With $330 billion in assets and the backing of Abu Dhabi’s government, Mubadala Investment Company is best known for its huge endowment and large private equity and private debt holdings.

The state-owned sovereign wealth fund is attracting increasing attention as an asset manager itself, raising money as well from other investors who are keen to draft behind Mubadala’s deep investments in artificial intelligence and other advanced technologies. 

“Most of the time people think of us as capital allocators, but the truth is, in our GP-led businesses – and we have two at the moment – we’re the managers,” Waleed Al Mokarrab Al Muhairi, Mubadala’s deputy group CEO, said at the Milken Global Conference in Beverly Hills last week. 
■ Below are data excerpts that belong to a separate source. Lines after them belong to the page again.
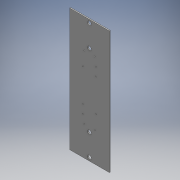
# Autodesk Inventor part: bottom_board
Saved by Autodesk Inventor 2016 (Build 200138000, 138)
## iProperties
Created: 2016-11-05
Part Number: bottom_board
Material: 一般
Document SubType Name: Modeling
Designer: 宏太
Density: 1 g/cm^3
Appearance: 既定
Mass: 41.2921 g
Surface Area: 428.281 cm^2
Volume: 41.2921 cm^3
Author: 宏太
Autodesk Inventor part; units mm, degrees
ref_plane "YZ Plane" through (0, 0, 0) normal (1, 0, 0) x (0, 1, 0)
ref_plane "XZ Plane" through (0, 0, 0) normal (0, 1, 0) x (-1, 0, 0)
ref_plane "XY Plane" through (0, 0, 0) normal (0, 0, 1) x (1, 0, 0)
sketch "スケッチ1" plane through (0, 0, 0) normal (0, 1, 0) x (-1, 0, 0)
  line L0 (0, 0) -> (84, 0)
  line L1 (84, 0) -> (84, -260)
  line L2 (84, -260) -> (0, -260)
  line L3 (0, -260) -> (0, 0)
  dimension "d0" = 84
  dimension "d1" = 260
  constraints: 8 end point, 2 parallel, 1 horizontal, 1 perpendicular
  measures "d0" distance of L1.end L2.end
  measures "d1" distance of L0.end L1.end
extrude "押し出し1" add sketch "スケッチ1" along normal blind 2
sketch "スケッチ2" plane through (0, 0, 0) normal (0, -1, 0) x (1, 0, 0)
  circle A0 centre (-42, -7) radius 4
  line L0 (0, -260) -> (0, 0) projected
  line L1 (0, 0) -> (-84, 0) projected
  circle A1 centre (-42, -53) radius 4
  circle A2 centre (-42, -253) radius 4
  circle A3 centre (-42, -207) radius 4
  line L2 (-84, -260) -> (0, -260) projected
  circle A4 centre (-28.5, -80) radius 1
  circle A5 centre (-28.5, -98) radius 1
  circle A6 centre (-55.5, -93) radius 1
  circle A7 centre (-53, -62.5) radius 1
  circle A8 centre (-31, -62.5) radius 1
  circle A9 centre (-31, -197.5) radius 1
  circle A10 centre (-53, -197.5) radius 1
  circle A11 centre (-55.5, -180) radius 1
  circle A12 centre (-55.5, -162) radius 1
  circle A13 centre (-28.5, -167) radius 1
  dimension "d4" = 8
  dimension "d6" = 42
  dimension "d7" = 7
  dimension "d8" = 8
  dimension "d10" = 42
  dimension "d11" = 8
  dimension "d12" = 8
  dimension "d13" = 42
  dimension "d14" = 7
  dimension "d15" = 42
  dimension "d29" = 46
  dimension "d30" = 2
  dimension "d32" = 80
  dimension "d33" = 2
  dimension "d35" = 2
  dimension "d37" = 93
  dimension "d38" = 53
  dimension "d39" = 55.5
  dimension "d40" = 28.5
  dimension "d41" = 28.5
  dimension "d42" = 2
  dimension "d44" = 62.5
  dimension "d45" = 2
  dimension "d47" = 62.5
  dimension "d48" = 53
  dimension "d49" = 31
  dimension "d57" = 98
  dimension "d58" = 2
  dimension "d59" = 31
  dimension "d60" = 197.5
  dimension "d61" = 2
  dimension "d62" = 53
  dimension "d63" = 197.5
  dimension "d64" = 2
  dimension "d65" = 55.5
  dimension "d66" = 180
  dimension "d67" = 2
  dimension "d68" = 55.5
  dimension "d69" = 162
  dimension "d70" = 2
  dimension "d71" = 28.5
  dimension "d72" = 167
  constraints: 14 centre point
  measures "d4" diameter of A0
  measures "d6" distance from line of L0 A0.centre
  measures "d7" distance from line of L1 A0.centre
  measures "d8" diameter of A1
  measures "d10" distance from line of L0 A1.centre
  measures "d11" diameter of A2
  measures "d12" diameter of A3
  measures "d13" distance from line of L0 A2.centre
  measures "d14" distance from line of L2 A2.centre
  measures "d15" distance from line of L0 A3.centre
  measures "d29" distance of A2.centre A3.centre
  measures "d30" diameter of A4
  measures "d32" distance from line of L1 A4.centre
  measures "d33" diameter of A5
  measures "d35" diameter of A6
  measures "d37" distance from line of L1 A6.centre
  measures "d38" distance from line of L1 A1.centre
  measures "d39" distance from line of L0 A6.centre
  measures "d40" distance from line of L0 A5.centre
  measures "d41" distance from line of L0 A4.centre
  measures "d42" diameter of A7
  measures "d44" distance from line of L1 A7.centre
  measures "d45" diameter of A8
  measures "d47" distance from line of L1 A8.centre
  measures "d48" distance from line of L0 A7.centre
  measures "d49" distance from line of L0 A8.centre
  measures "d57" distance from line of L1 A5.centre
  measures "d58" diameter of A9
  measures "d59" distance from line of L0 A9.centre
  measures "d60" distance from line of L1 A9.centre
  measures "d61" diameter of A10
  measures "d62" distance from line of L0 A10.centre
  measures "d63" distance from line of L1 A10.centre
  measures "d64" diameter of A11
  measures "d65" distance from line of L0 A11.centre
  measures "d66" distance from line of L1 A11.centre
  measures "d67" diameter of A12
  measures "d68" distance from line of L0 A12.centre
  measures "d69" distance from line of L1 A12.centre
  measures "d70" diameter of A13
  measures "d71" distance from line of L0 A13.centre
  measures "d72" distance from line of L1 A13.centre
extrude "押し出し6" cut sketch "スケッチ2" against normal blind 2
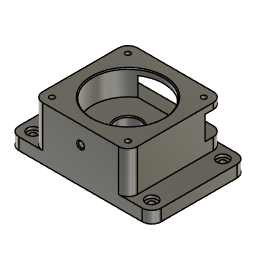
metrology_MODEL (Autodesk Fusion 360 design; units mm, degrees)
Autodesk Fusion 360 part; units mm, degrees
sketch "Sketch1" plane through (0, 0, 0) normal (0, 0, 1) x (1, 0, 0)
  line L0 (3, -2) -> (-3, -2)
  line L1 (-3, -2) -> (-3, 2)
  line L2 (-3, 2) -> (3, 2)
  line L3 (3, 2) -> (3, -2)
  line L4 (3, -2) -> (-3, 2) construction
  line L5 (-3, -2) -> (3, 2) construction
  circle A0 centre (0, 0) radius 1.75
  circle A1 centre (0, 0) radius 1.25
  circle A2 centre (0, 0) radius 0.5
  dimension "d1" = 6
  dimension "d2" = 4
  dimension "d3" = 3.5
  dimension "d4" = 2.5
  dimension "d5" = 1
  constraint horizontal L0
  constraint perpendicular L0 L1
  constraint parallel L0 L2
  constraint parallel L1 L3
  constraint coincident L4 A0.centre
  constraint coincident L5 A0.centre
  constraint coincident A0.centre A1.centre
  constraint concentric A1 A2
  measures "d1" distance of L1.end L2.end
  measures "d2" distance of L0.end L1.end
  measures "d3" diameter of A0
  measures "d4" diameter of A1
  measures "d5" diameter of A2
extrude "Extrude1" add sketch "Sketch1" along normal blind 2.25 contours L0 L1 L2 L3 | A0 | A1 | A2
extrude "Extrude2" cut sketch "Sketch1" along normal blind 0.25 contours A0 | A1 | A2
extrude "Extrude3" cut sketch "Sketch1" along normal blind 0.75 contours A1
extrude "Extrude4" cut sketch "Sketch1" along normal blind 2.7 contours A2
sketch "Sketch2" plane through (0, 0, 2.25) normal (0, 0, 1) x (-1, 0, 0)
  circle A0 centre (0, 0) radius 0.5
  line L0 (-3, -2) -> (3, -2)
  line L1 (3, -2) -> (3, 2)
  line L2 (3, 2) -> (-3, 2)
  line L3 (-3, 2) -> (-3, -2)
  circle A1 centre (0, 0) radius 1.5
  line L4 (2, 2) -> (-2, 2)
  line L5 (-2, 2) -> (-2, -2)
  line L6 (-2, -2) -> (2, -2)
  line L7 (2, -2) -> (2, 2)
  line L8 (2, 2) -> (-2, -2) construction
  line L9 (-2, 2) -> (2, -2) construction
  line L10 (2, -2) -> (1.6, -2)
  line L11 (2, -1.6) -> (2, -2)
  line L12 (-2, -2) -> (-1.6, -2)
  line L13 (-2, -1.6) -> (-2, -2)
  line L14 (2, 1.6) -> (2, 2)
  line L15 (-2, 2) -> (-1.6, 2)
  line L16 (-2, 1.6) -> (-2, 2)
  circle A2 centre (-1.6, 1.6) radius 0.106
  circle A3 centre (1.6, 1.6) radius 0.106
  circle A4 centre (1.6, -1.6) radius 0.106
  circle A5 centre (-1.6, -1.6) radius 0.106
  dimension "d14" = 3
  dimension "d23" = 4
  dimension "d24" = 4
  dimension "d47" = 0.4
  dimension "d48" = 0.4
  dimension "d49" = 0.4
  dimension "d50" = 0.4
  dimension "d52" = 0.4
  dimension "d53" = 0.4
  dimension "d54" = 0.4
  dimension "d55" = 0.212
  dimension "d56" = 0.212
  dimension "d57" = 0.212
  dimension "d58" = 0.212
  constraint coincident A0.centre A1.centre
  constraint horizontal L4
  constraint perpendicular L4 L5
  constraint parallel L4 L6
  constraint parallel L5 L7
  constraint coincident L8 A0.centre
  constraint coincident L9 A0.centre
  constraint horizontal L10
  constraint vertical L11
  constraint horizontal L12
  constraint vertical L13
  constraint vertical L14
  constraint horizontal L15
  constraint vertical L16
  measures "d14" diameter of A1
  measures "d23" distance of L5.end L6.end
  measures "d24" distance of L4.end L5.end
  measures "d47" distance of L6.end L10.end
  measures "d48" distance of L6.end L11.start
  measures "d49" distance of L5.end L12.end
  measures "d50" distance of L5.end L13.start
  measures "d52" distance of L4.start L14.start
  measures "d53" distance of L4.end L15.end
  measures "d54" distance of L4.end L16.start
  measures "d55" diameter of A2
  measures "d56" diameter of A3
  measures "d57" diameter of A4
  measures "d58" diameter of A5
extrude "Extrude5" cut sketch "Sketch2" against normal blind 1.05 contours A1
sketch "Sketch3" plane through (-3, 0, 0) normal (-1, 0, 0) x (0, -1, 0)
  line L0 (-2, 0) -> (2, 0)
  line L1 (2, 0) -> (2, 2.25)
  line L2 (2, 2.25) -> (-2, 2.25)
  line L3 (-2, 2.25) -> (-2, 0)
  line L4 (-2, 0) -> (-2, 1)
  line L5 (-2, 1) -> (-2, 2)
  line L6 (-2, 2) -> (-1.25, 2)
  line L7 (-1.25, 2) -> (-1.25, 1)
  line L8 (-1.25, 1) -> (-2, 1)
  dimension "d17" = 1
  dimension "d18" = 1
  dimension "d19" = 0.75
  dimension "d20" = 1
  constraint coincident L0.start L3.end
  constraint perpendicular L0 L4
  constraint coincident L3 L5.end
  constraint perpendicular L3 L6
  constraint perpendicular L6 L7
  measures "d17" distance of L0.start L4.end
  measures "d18" distance of L4.end L5.end
  measures "d19" distance of L5.end L6.end
  measures "d20" distance of L6.end L7.end
extrude "Extrude6" cut sketch "Sketch3" against normal blind 6.4 contours L3 L5 L6 L7 L8
extrude "Extrude7" cut sketch "Sketch2" against normal blind 1.75 contours L0 L1 L2 L7 L11 L14
extrude "Extrude8" cut sketch "Sketch2" against normal blind 1.75 contours L0 L2 L3 L5 L13 L16
sketch "Sketch4" plane through (0, 0, 0.5) normal (0, 0, 1) x (-1, 0, 0)
  line L0 (-3, 2) -> (-3, -2)
  line L1 (-3, -2) -> (-2, -2)
  line L2 (-2, -2) -> (-2, 2)
  line L3 (-2, 2) -> (-3, 2)
  circle A0 centre (-2.5, -1.5) radius 0.25
  circle A1 centre (-2.5, -1.5) radius 0.125
  circle A2 centre (-2.5, 1.5) radius 0.25
  circle A3 centre (-2.5, 1.5) radius 0.125
  circle A4 centre (2.5, 1.5) radius 0.25
  circle A5 centre (2.5, 1.5) radius 0.125
  circle A6 centre (2.5, -1.5) radius 0.25
  circle A7 centre (2.5, -1.5) radius 0.125
  dimension "d31" = 0.5
  dimension "d32" = 0.25
  constraint concentric A0 A1
  measures "d31" diameter of A0
  measures "d32" diameter of A1
extrude "Extrude9" cut sketch "Sketch4" against normal blind 0.125 contours A0 | A1 | A2 | A3 | A4 | A5 | A6 | A7
extrude "Extrude10" cut sketch "Sketch4" against normal blind 1.3 contours A1 | A3 | A5 | A7
chamfer "Chamfer1" distance 0.04 angle 45 3 edges at (1.3985, -0.5424, 2.25) (-0.4662, -0.1808, 1.2) (-0.4662, 0.1808, 0.75)
chamfer "Chamfer2" distance 0.04 angle 45 2 edges at (-1.6316, -0.6328, 0) (-1.1654, -0.452, 0.25)
fillet "Fillet1" radius 0.4 1 edges at (-3, 2, 0.25)
fillet "Fillet2" radius 0.4 3 edges at (-3, -2, 0.25) (3, -2, 0.25) (3, 2, 0.25)
fillet "Fillet3" radius 0.4 4 edges at (-2, 2, 2.125) (-2, 2, 0.75) (2, 2, 2.125) (2, 2, 0.75)
fillet "Fillet4" radius 0.4 2 edges at (-2, -2, 1.375) (2, -2, 1.375)
extrude "Extrude11" cut sketch "Sketch2" against normal blind 0.8 contours A2 | A3 | A4 | A5
sketch "Sketch5" plane through (0, -2, 0) normal (0, -1, 0) x (1, 0, 0)
  line L0 (2.6, 0.5) -> (1.6, 0.5)
  line L1 (1.6, 0.5) -> (1.6, 2.25)
  line L2 (1.6, 2.25) -> (-1.6, 2.25)
  line L3 (-1.6, 2.25) -> (-1.6, 0.5)
  line L4 (-1.6, 0.5) -> (-2.6, 0.5)
  line L5 (-2.6, 0.5) -> (-2.6, 0)
  line L6 (-2.6, 0) -> (2.6, 0)
  line L7 (2.6, 0) -> (2.6, 0.5)
  circle A0 centre (0, 1.5) radius 0.125
  dimension "d61" = 1.5
  dimension "d62" = 0.25
  measures "d61" distance of origin A0.centre
  measures "d62" diameter of A0
extrude "Extrude12" cut sketch "Sketch5" against normal blind 0.9 contours A0
chamfer "Chamfer3" distance 0.04 angle 45 1 edges at (-0.1165, -2, 1.5452)

That helps explain the announcement from the $40 billion holding company TWG Global last month that Mubadala would anchor and lead the syndication of a $10 billion investment in TWG, which owns Guggenheim Investments and Guggenheim Securities as well as the Los Angeles Dodgers, the Lakers and Chelsea FC.

A good chunk of that money will come back to Mubadala in the form of TWG’s commitment to place $2.5 billion with Mubadala Capital, the group’s alternative asset management arm with $27 billion in asset under management. TWG also took a minority “GP stake” in Mubadala Capital and said it aimed to increase its commitment over time to $20 billion from itself and its partners.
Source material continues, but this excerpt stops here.